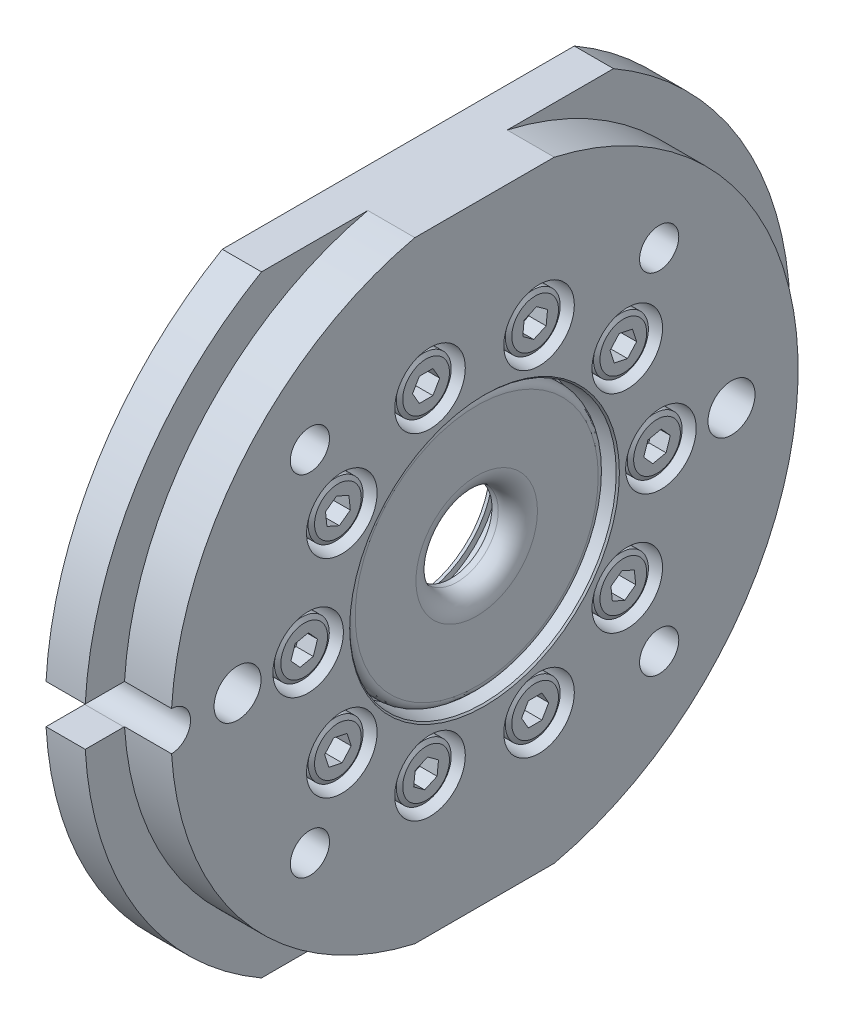
from build123d import *
from OCP.BRepFilletAPI import BRepFilletAPI_MakeChamfer

# Parameters (mm, degrees)
EXTRUDE_1_DEPTH              = 6
EXTRUDE_2_DEPTH              = 5
CUT_EXTRUDE_1_DEPTH          = 6
HOLE_WIZARD_M33_1_D          = 34
HOLE_WIZARD_M33_1_DEPTH      = 4.5
SKETCH_6_R                   = 16.5
EXTRUDE_3_DEPTH              = 3.5
SKETCH_7_R                   = 10.5
CUT_EXTRUDE_2_DEPTH          = 4.1
SKETCH_8_R                   = 9.7
CUT_EXTRUDE_3_DEPTH          = 0.2
CUT_EXTRUDE_4_REACH          = 682.064
SKETCH_9_R                   = 5.25
HOLE_WIZARD_M48_1_D          = 55
HOLE_WIZARD_M48_1_DEPTH      = 2
CUT_EXTRUDE_5_REACH          = 682.05
SKETCH_12_R                  = 9.7
HOLE_WIZARD_9_0_9_1_D        = 9
HOLE_WIZARD_9_0_9_1_DEPTH    = 5
SKETCH_15_R                  = 3.75
EXTRUDE_4_DEPTH              = 0.5
SKETCH_16_R                  = 3.5
EXTRUDE_5_DEPTH              = 4
CUT_EXTRUDE_6_DEPTH          = 2.2
HOLE_WIZARD_9_0_9_2_D        = 9
HOLE_WIZARD_9_0_9_2_DEPTH    = 5
SKETCH_20_R                  = 3.75
EXTRUDE_6_DEPTH              = 0.5
SKETCH_21_R                  = 3.5
EXTRUDE_7_DEPTH              = 4
CUT_EXTRUDE_7_DEPTH          = 2.2
HOLE_WIZARD_9_0_9_3_D        = 9
HOLE_WIZARD_9_0_9_3_DEPTH    = 5
SKETCH_25_R                  = 3.75
EXTRUDE_8_DEPTH              = 0.5
SKETCH_26_R                  = 3.5
EXTRUDE_9_DEPTH              = 4
CUT_EXTRUDE_8_DEPTH          = 2.2
HOLE_WIZARD_9_0_9_4_D        = 9
HOLE_WIZARD_9_0_9_4_DEPTH    = 5
SKETCH_30_R                  = 3.75
EXTRUDE_10_DEPTH             = 0.5
SKETCH_31_R                  = 3.5
EXTRUDE_11_DEPTH             = 4
CUT_EXTRUDE_9_DEPTH          = 2.2
HOLE_WIZARD_9_0_9_5_D        = 9
HOLE_WIZARD_9_0_9_5_DEPTH    = 5
SKETCH_35_R                  = 3.75
EXTRUDE_12_DEPTH             = 0.5
SKETCH_36_R                  = 3.5
EXTRUDE_13_DEPTH             = 4
CUT_EXTRUDE_10_DEPTH         = 2.2
HOLE_WIZARD_9_0_9_6_D        = 9
HOLE_WIZARD_9_0_9_6_DEPTH    = 5
SKETCH_40_R                  = 3.75
EXTRUDE_14_DEPTH             = 0.5
SKETCH_41_R                  = 3.5
EXTRUDE_15_DEPTH             = 4
CUT_EXTRUDE_11_DEPTH         = 2.2
HOLE_WIZARD_9_0_9_7_D        = 9
HOLE_WIZARD_9_0_9_7_DEPTH    = 5
SKETCH_45_R                  = 3.75
EXTRUDE_16_DEPTH             = 0.5
SKETCH_46_R                  = 3.5
EXTRUDE_17_DEPTH             = 4
CUT_EXTRUDE_12_DEPTH         = 2.2
HOLE_WIZARD_9_0_9_8_D        = 9
HOLE_WIZARD_9_0_9_8_DEPTH    = 5
SKETCH_50_R                  = 3.75
EXTRUDE_18_DEPTH             = 0.5
SKETCH_51_R                  = 3.5
EXTRUDE_19_DEPTH             = 4
CUT_EXTRUDE_13_DEPTH         = 2.2
HOLE_WIZARD_9_0_9_9_D        = 9
HOLE_WIZARD_9_0_9_9_DEPTH    = 5
SKETCH_55_R                  = 3.75
EXTRUDE_20_DEPTH             = 0.5
SKETCH_56_R                  = 3.5
EXTRUDE_21_DEPTH             = 4
CUT_EXTRUDE_14_DEPTH         = 2.2
HOLE_WIZARD_9_0_9_10_D       = 9
HOLE_WIZARD_9_0_9_10_DEPTH   = 5
SKETCH_60_R                  = 3.75
EXTRUDE_22_DEPTH             = 0.5
SKETCH_61_R                  = 3.5
EXTRUDE_23_DEPTH             = 4
CUT_EXTRUDE_15_DEPTH         = 2.2
HOLE_WIZARD_4_3_4_3_1_D      = 4.3
HOLE_WIZARD_4_3_4_3_1_DEPTH  = 4.5
HOLE_WIZARD_4_3_4_3_2_D      = 4.3
HOLE_WIZARD_4_3_4_3_2_DEPTH  = 4.5
HOLE_WIZARD_4_3_4_3_3_D      = 4.3
HOLE_WIZARD_4_3_4_3_3_DEPTH  = 4.5
HOLE_WIZARD_4_3_4_3_4_D      = 4.3
HOLE_WIZARD_4_3_4_3_4_DEPTH  = 4.5
HOLE_WIZARD_4_3_4_3_5_D      = 4.3
HOLE_WIZARD_4_3_4_3_5_DEPTH  = 4.5
HOLE_WIZARD_4_3_4_3_6_D      = 4.3
HOLE_WIZARD_4_3_4_3_6_DEPTH  = 4.5
HOLE_WIZARD_4_3_4_3_7_D      = 4.3
HOLE_WIZARD_4_3_4_3_7_DEPTH  = 4.5
HOLE_WIZARD_4_3_4_3_8_D      = 4.3
HOLE_WIZARD_4_3_4_3_8_DEPTH  = 4.5
HOLE_WIZARD_4_3_4_3_9_D      = 4.3
HOLE_WIZARD_4_3_4_3_9_DEPTH  = 4.5
HOLE_WIZARD_4_3_4_3_10_D     = 4.3
HOLE_WIZARD_4_3_4_3_10_DEPTH = 4.5
SKETCH_83_W                  = 4.5
SKETCH_83_H                  = 2
SKETCH_84_W                  = 4.5
SKETCH_84_H                  = 2
SKETCH_85_W                  = 4.5
SKETCH_85_H                  = 2
SKETCH_86_W                  = 4.5
SKETCH_86_H                  = 2
SKETCH_87_W                  = 4.5
SKETCH_87_H                  = 2
SKETCH_88_W                  = 4.5
SKETCH_88_H                  = 2
SKETCH_89_W                  = 4.5
SKETCH_89_H                  = 2
SKETCH_90_W                  = 4.5
SKETCH_90_H                  = 2
SKETCH_91_W                  = 4.5
SKETCH_91_H                  = 2
SKETCH_92_W                  = 4.5
SKETCH_92_H                  = 2
SKETCH_93_W                  = 4
SKETCH_93_H                  = 0.1
SKETCH_94_W                  = 4
SKETCH_94_H                  = 0.1
SKETCH_95_W                  = 4
SKETCH_95_H                  = 0.1
SKETCH_96_W                  = 4
SKETCH_96_H                  = 0.1
SKETCH_97_W                  = 4
SKETCH_97_H                  = 0.1
SKETCH_98_W                  = 4
SKETCH_98_H                  = 0.1
SKETCH_99_W                  = 4
SKETCH_99_H                  = 0.1
SKETCH_100_W                 = 4
SKETCH_100_H                 = 0.1
SKETCH_101_W                 = 4
SKETCH_101_H                 = 0.1
SKETCH_102_W                 = 4
SKETCH_102_H                 = 0.1
HOLE_WIZARD_5_0_5_1_D        = 5
HOLE_WIZARD_6_0_6_1_D        = 6
HOLE_WIZARD_6_0_6_1_DEPTH    = 6
CHAMFER_1_SIZE               = 0.519615242
CHAMFER_1_SIZE2              = 0.300000001
CHAMFER_2_SIZE               = 0.5
CHAMFER_3_SIZE               = 0.2
FILLET_1_R                   = 0.4
FILLET_2_R                   = 1
FILLET_3_R                   = 2.5


with BuildPart() as part:
    # ｽｹｯﾁ1 → ﾎﾞｽ - 押し出し1 (new body)
    with BuildSketch(Plane(origin=(503, 0, 0), x_dir=(0, 0, -1), z_dir=(1, 0, 0))):
        with BuildLine():
            Line((-8.888194417, 600.5), (22.449944321, 600.5))
            ThreePointArc((22.449944321, 600.5), (45, 639.5), (22.449944321, 678.5))
            Line((22.449944321, 678.5), (-8.888194417, 678.5))
            ThreePointArc((-8.888194417, 678.5), (-30.474423748, 665.409641009), (-39.921875, 641.998778999))
            ThreePointArc((-39.921875, 641.998778999), (-37.5, 639.5), (-39.921875, 637.001221001))
            ThreePointArc((-39.921875, 637.001221001), (-30.474423748, 613.590358991), (-8.888194417, 600.5))
        make_face()
    extrude(amount=-EXTRUDE_1_DEPTH)

    # ｽｹｯﾁ2 → ﾎﾞｽ - 押し出し2 (add)
    with BuildSketch(Plane.ZY.offset(-497)):
        with BuildLine():
            Line((-22.449944321, 678.5), (22.449944321, 678.5))
            ThreePointArc((22.449944321, 678.5), (38.315710001, 663.098863683), (44.930501889, 642))
            Line((44.930501889, 642), (40, 642))
            ThreePointArc((40, 642), (37.5, 639.5), (40, 637))
            Line((40, 637), (44.930501889, 637))
            ThreePointArc((44.930501889, 637), (38.315710001, 615.901136317), (22.449944321, 600.5))
            Line((22.449944321, 600.5), (-22.449944321, 600.5))
            ThreePointArc((-22.449944321, 600.5), (-45, 639.5), (-22.449944321, 678.5))
        make_face()
    extrude(amount=EXTRUDE_2_DEPTH)

    # ｽｹｯﾁ3 → ｶｯﾄ - 押し出し1 (cut)
    with BuildSketch(Plane(origin=(503, 0, 0), x_dir=(0, 0, -1), z_dir=(1, 0, 0))):
        with BuildLine():
            Line((8.888194417, 600.5), (22.449944321, 600.5))
            ThreePointArc((22.449944321, 600.5), (45, 639.5), (22.449944321, 678.5))
            Line((22.449944321, 678.5), (8.888194417, 678.5))
            ThreePointArc((8.888194417, 678.5), (40, 639.5), (8.888194417, 600.5))
        make_face()
    extrude(amount=-CUT_EXTRUDE_1_DEPTH, mode=Mode.SUBTRACT)

    # M33 ﾍﾘｺｲﾙ用ねじ下穴ﾄﾞﾘﾙ1
    with Locations(Plane(origin=(503, 0, 0), x_dir=(0, 0, -1), z_dir=(1, 0, 0))):
        with Locations((0, 639.5)):
            Hole(HOLE_WIZARD_M33_1_D / 2, depth=HOLE_WIZARD_M33_1_DEPTH)

    # ｽｹｯﾁ6 → ﾎﾞｽ - 押し出し3 (add)
    with BuildSketch(Plane(origin=(498.5, 0, 0), x_dir=(0, 0, -1), z_dir=(1, 0, 0))):
        with Locations((0, 639.5)):
            Circle(SKETCH_6_R)
    extrude(amount=EXTRUDE_3_DEPTH)

    # ｽｹｯﾁ7 → ｶｯﾄ - 押し出し2 (cut)
    with BuildSketch(Plane(origin=(494.4, 0, 0), x_dir=(0, -1, 0), z_dir=(-1, 0, 0))):
        with Locations((-639.5, 0)):
            Circle(SKETCH_7_R)
    extrude(amount=-CUT_EXTRUDE_2_DEPTH, mode=Mode.SUBTRACT)

    # ｽｹｯﾁ8 → ｶｯﾄ - 押し出し3 (cut)
    with BuildSketch(Plane.ZY.offset(-498.5)):
        with Locations((0, 639.5)):
            Circle(SKETCH_8_R)
    extrude(amount=-CUT_EXTRUDE_3_DEPTH, mode=Mode.SUBTRACT)

    # ｽｹｯﾁ9 → ｶｯﾄ - 押し出し4 (cut, up to next)
    with BuildSketch(Plane(origin=(502, 0, 0), x_dir=(0, 0, -1), z_dir=(1, 0, 0)), mode=Mode.PRIVATE) as cut_extrude_4_sk1:
        with Locations((0, 639.5)):
            Circle(SKETCH_9_R)
    cut_extrude_4_tool1 = extrude(cut_extrude_4_sk1.sketch, amount=-CUT_EXTRUDE_4_REACH, mode=Mode.PRIVATE) & part.part
    add(cut_extrude_4_tool1.solids().sort_by_distance((502, 639.5, 0))[0], mode=Mode.SUBTRACT)

    # M48 すきま穴1
    with Locations(Plane.ZY.offset(-492)):
        with Locations((0, 639.5)):
            Hole(HOLE_WIZARD_M48_1_D / 2, depth=HOLE_WIZARD_M48_1_DEPTH)

    # ｽｹｯﾁ12 → ｶｯﾄ - 押し出し5 (cut, up to next)
    with BuildSketch(Plane.ZY.offset(-494), mode=Mode.PRIVATE) as cut_extrude_5_sk1:
        with Locations((0, 639.5)):
            Circle(SKETCH_12_R)
    cut_extrude_5_tool1 = extrude(cut_extrude_5_sk1.sketch, amount=-CUT_EXTRUDE_5_REACH, mode=Mode.PRIVATE) & part.part
    add(cut_extrude_5_tool1.solids().sort_by_distance((494, 639.5, 0))[0], mode=Mode.SUBTRACT)

    # Ø9.0 (9) 直径の穴1
    with Locations(Plane(origin=(503, 0, 0), x_dir=(0, 0, -1), z_dir=(1, 0, 0))):
        with Locations((6.952882373, 618.101228383)):
            Hole(HOLE_WIZARD_9_0_9_1_D / 2, depth=HOLE_WIZARD_9_0_9_1_DEPTH)

    # ｽｹｯﾁ15 → ﾎﾞｽ - 押し出し4 (add)
    with BuildSketch(Plane(origin=(498, 0, 0), x_dir=(0, 0, -1), z_dir=(1, 0, 0))):
        with Locations((6.952882373, 618.101228383)):
            Circle(SKETCH_15_R)
    extrude(amount=EXTRUDE_4_DEPTH)

    # ｽｹｯﾁ16 → ﾎﾞｽ - 押し出し5 (add)
    with BuildSketch(Plane(origin=(498.5, 0, 0), x_dir=(0, 0, -1), z_dir=(1, 0, 0))):
        with Locations((6.952882373, 618.101228383)):
            Circle(SKETCH_16_R)
    extrude(amount=EXTRUDE_5_DEPTH)

    # ｽｹｯﾁ17 → ｶｯﾄ - 押し出し6 (cut)
    with BuildSketch(Plane(origin=(502.5, 0, 0), x_dir=(0, 0, -1), z_dir=(1, 0, 0))):
        Polygon((8.684933181, 618.101228383), (7.818907777, 619.601228383), (6.08685697, 619.601228383), (5.220831566, 618.101228383), (6.08685697, 616.601228383), (7.818907777, 616.601228383), align=None)
    extrude(amount=-CUT_EXTRUDE_6_DEPTH, mode=Mode.SUBTRACT)

    # Ø9.0 (9) 直径の穴2
    with Locations(Plane(origin=(503, 0, 0), x_dir=(0, 0, -1), z_dir=(1, 0, 0))):
        with Locations((18.202882373, 626.274831823)):
            Hole(HOLE_WIZARD_9_0_9_2_D / 2, depth=HOLE_WIZARD_9_0_9_2_DEPTH)

    # ｽｹｯﾁ20 → ﾎﾞｽ - 押し出し6 (add)
    with BuildSketch(Plane(origin=(498, 0, 0), x_dir=(0, 0, -1), z_dir=(1, 0, 0))):
        with Locations((18.202882373, 626.274831823)):
            Circle(SKETCH_20_R)
    extrude(amount=EXTRUDE_6_DEPTH)

    # ｽｹｯﾁ21 → ﾎﾞｽ - 押し出し7 (add)
    with BuildSketch(Plane(origin=(498.5, 0, 0), x_dir=(0, 0, -1), z_dir=(1, 0, 0))):
        with Locations((18.202882373, 626.274831823)):
            Circle(SKETCH_21_R)
    extrude(amount=EXTRUDE_7_DEPTH)

    # ｽｹｯﾁ22 → ｶｯﾄ - 押し出し7 (cut)
    with BuildSketch(Plane(origin=(502.5, 0, 0), x_dir=(0, 0, -1), z_dir=(1, 0, 0))):
        Polygon((19.604140912, 627.292905744), (18.021833764, 627.997394275), (16.620575226, 626.979320354), (16.801623835, 625.256757903), (18.383930983, 624.552269371), (19.785189521, 625.570343292), align=None)
    extrude(amount=-CUT_EXTRUDE_7_DEPTH, mode=Mode.SUBTRACT)

    # Ø9.0 (9) 直径の穴3
    with Locations(Plane(origin=(503, 0, 0), x_dir=(0, 0, -1), z_dir=(1, 0, 0))):
        with Locations((22.5, 639.5)):
            Hole(HOLE_WIZARD_9_0_9_3_D / 2, depth=HOLE_WIZARD_9_0_9_3_DEPTH)

    # ｽｹｯﾁ25 → ﾎﾞｽ - 押し出し8 (add)
    with BuildSketch(Plane(origin=(498, 0, 0), x_dir=(0, 0, -1), z_dir=(1, 0, 0))):
        with Locations((22.5, 639.5)):
            Circle(SKETCH_25_R)
    extrude(amount=EXTRUDE_8_DEPTH)

    # ｽｹｯﾁ26 → ﾎﾞｽ - 押し出し9 (add)
    with BuildSketch(Plane(origin=(498.5, 0, 0), x_dir=(0, 0, -1), z_dir=(1, 0, 0))):
        with Locations((22.5, 639.5)):
            Circle(SKETCH_26_R)
    extrude(amount=EXTRUDE_9_DEPTH)

    # ｽｹｯﾁ27 → ｶｯﾄ - 押し出し8 (cut)
    with BuildSketch(Plane(origin=(502.5, 0, 0), x_dir=(0, 0, -1), z_dir=(1, 0, 0))):
        Polygon((23.035233135, 641.147278207), (21.341031793, 640.787164595), (20.805798658, 639.139886388), (21.964766865, 637.852721793), (23.658968207, 638.212835405), (24.194201342, 639.860113612), align=None)
    extrude(amount=-CUT_EXTRUDE_8_DEPTH, mode=Mode.SUBTRACT)

    # Ø9.0 (9) 直径の穴4
    with Locations(Plane(origin=(503, 0, 0), x_dir=(0, 0, -1), z_dir=(1, 0, 0))):
        with Locations((18.202882373, 652.725168177)):
            Hole(HOLE_WIZARD_9_0_9_4_D / 2, depth=HOLE_WIZARD_9_0_9_4_DEPTH)

    # ｽｹｯﾁ30 → ﾎﾞｽ - 押し出し10 (add)
    with BuildSketch(Plane(origin=(498, 0, 0), x_dir=(0, 0, -1), z_dir=(1, 0, 0))):
        with Locations((18.202882373, 652.725168177)):
            Circle(SKETCH_30_R)
    extrude(amount=EXTRUDE_10_DEPTH)

    # ｽｹｯﾁ31 → ﾎﾞｽ - 押し出し11 (add)
    with BuildSketch(Plane(origin=(498.5, 0, 0), x_dir=(0, 0, -1), z_dir=(1, 0, 0))):
        with Locations((18.202882373, 652.725168177)):
            Circle(SKETCH_31_R)
    extrude(amount=EXTRUDE_11_DEPTH)

    # ｽｹｯﾁ32 → ｶｯﾄ - 押し出し9 (cut)
    with BuildSketch(Plane(origin=(502.5, 0, 0), x_dir=(0, 0, -1), z_dir=(1, 0, 0))):
        Polygon((17.667649239, 654.372446384), (16.508681032, 653.085281789), (17.043914166, 651.438003582), (18.738115508, 651.07788997), (19.897083715, 652.365054565), (19.361850581, 654.012332772), align=None)
    extrude(amount=-CUT_EXTRUDE_9_DEPTH, mode=Mode.SUBTRACT)

    # Ø9.0 (9) 直径の穴5
    with Locations(Plane(origin=(503, 0, 0), x_dir=(0, 0, -1), z_dir=(1, 0, 0))):
        with Locations((6.952882373, 660.898771617)):
            Hole(HOLE_WIZARD_9_0_9_5_D / 2, depth=HOLE_WIZARD_9_0_9_5_DEPTH)

    # ｽｹｯﾁ35 → ﾎﾞｽ - 押し出し12 (add)
    with BuildSketch(Plane(origin=(498, 0, 0), x_dir=(0, 0, -1), z_dir=(1, 0, 0))):
        with Locations((6.952882373, 660.898771617)):
            Circle(SKETCH_35_R)
    extrude(amount=EXTRUDE_12_DEPTH)

    # ｽｹｯﾁ36 → ﾎﾞｽ - 押し出し13 (add)
    with BuildSketch(Plane(origin=(498.5, 0, 0), x_dir=(0, 0, -1), z_dir=(1, 0, 0))):
        with Locations((6.952882373, 660.898771617)):
            Circle(SKETCH_36_R)
    extrude(amount=EXTRUDE_13_DEPTH)

    # ｽｹｯﾁ37 → ｶｯﾄ - 押し出し10 (cut)
    with BuildSketch(Plane(origin=(502.5, 0, 0), x_dir=(0, 0, -1), z_dir=(1, 0, 0))):
        Polygon((5.551623835, 661.916845538), (5.370575226, 660.194283086), (6.771833764, 659.176209165), (8.354140912, 659.880697696), (8.535189521, 661.603260148), (7.133930983, 662.621334069), align=None)
    extrude(amount=-CUT_EXTRUDE_10_DEPTH, mode=Mode.SUBTRACT)

    # Ø9.0 (9) 直径の穴6
    with Locations(Plane(origin=(503, 0, 0), x_dir=(0, 0, -1), z_dir=(1, 0, 0))):
        with Locations((-6.952882373, 660.898771617)):
            Hole(HOLE_WIZARD_9_0_9_6_D / 2, depth=HOLE_WIZARD_9_0_9_6_DEPTH)

    # ｽｹｯﾁ40 → ﾎﾞｽ - 押し出し14 (add)
    with BuildSketch(Plane(origin=(498, 0, 0), x_dir=(0, 0, -1), z_dir=(1, 0, 0))):
        with Locations((-6.952882373, 660.898771617)):
            Circle(SKETCH_40_R)
    extrude(amount=EXTRUDE_14_DEPTH)

    # ｽｹｯﾁ41 → ﾎﾞｽ - 押し出し15 (add)
    with BuildSketch(Plane(origin=(498.5, 0, 0), x_dir=(0, 0, -1), z_dir=(1, 0, 0))):
        with Locations((-6.952882373, 660.898771617)):
            Circle(SKETCH_41_R)
    extrude(amount=EXTRUDE_15_DEPTH)

    # ｽｹｯﾁ42 → ｶｯﾄ - 押し出し11 (cut)
    with BuildSketch(Plane(origin=(502.5, 0, 0), x_dir=(0, 0, -1), z_dir=(1, 0, 0))):
        Polygon((-8.684933181, 660.898771617), (-7.818907777, 659.398771617), (-6.08685697, 659.398771617), (-5.220831566, 660.898771617), (-6.08685697, 662.398771617), (-7.818907777, 662.398771617), align=None)
    extrude(amount=-CUT_EXTRUDE_11_DEPTH, mode=Mode.SUBTRACT)

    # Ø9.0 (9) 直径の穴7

◆ ◆ ◆ ◆ ◆

• **Work item**
Locate the word "PRIVATE" in the records above, and return each line that has it.

• **Task result**
    with BuildSketch(Plane(origin=(502, 0, 0), x_dir=(0, 0, -1), z_dir=(1, 0, 0)), mode=Mode.PRIVATE) as cut_extrude_4_sk1:
    cut_extrude_4_tool1 = extrude(cut_extrude_4_sk1.sketch, amount=-CUT_EXTRUDE_4_REACH, mode=Mode.PRIVATE) & part.part
    with BuildSketch(Plane.ZY.offset(-494), mode=Mode.PRIVATE) as cut_extrude_5_sk1:
    cut_extrude_5_tool1 = extrude(cut_extrude_5_sk1.sketch, amount=-CUT_EXTRUDE_5_REACH, mode=Mode.PRIVATE) & part.part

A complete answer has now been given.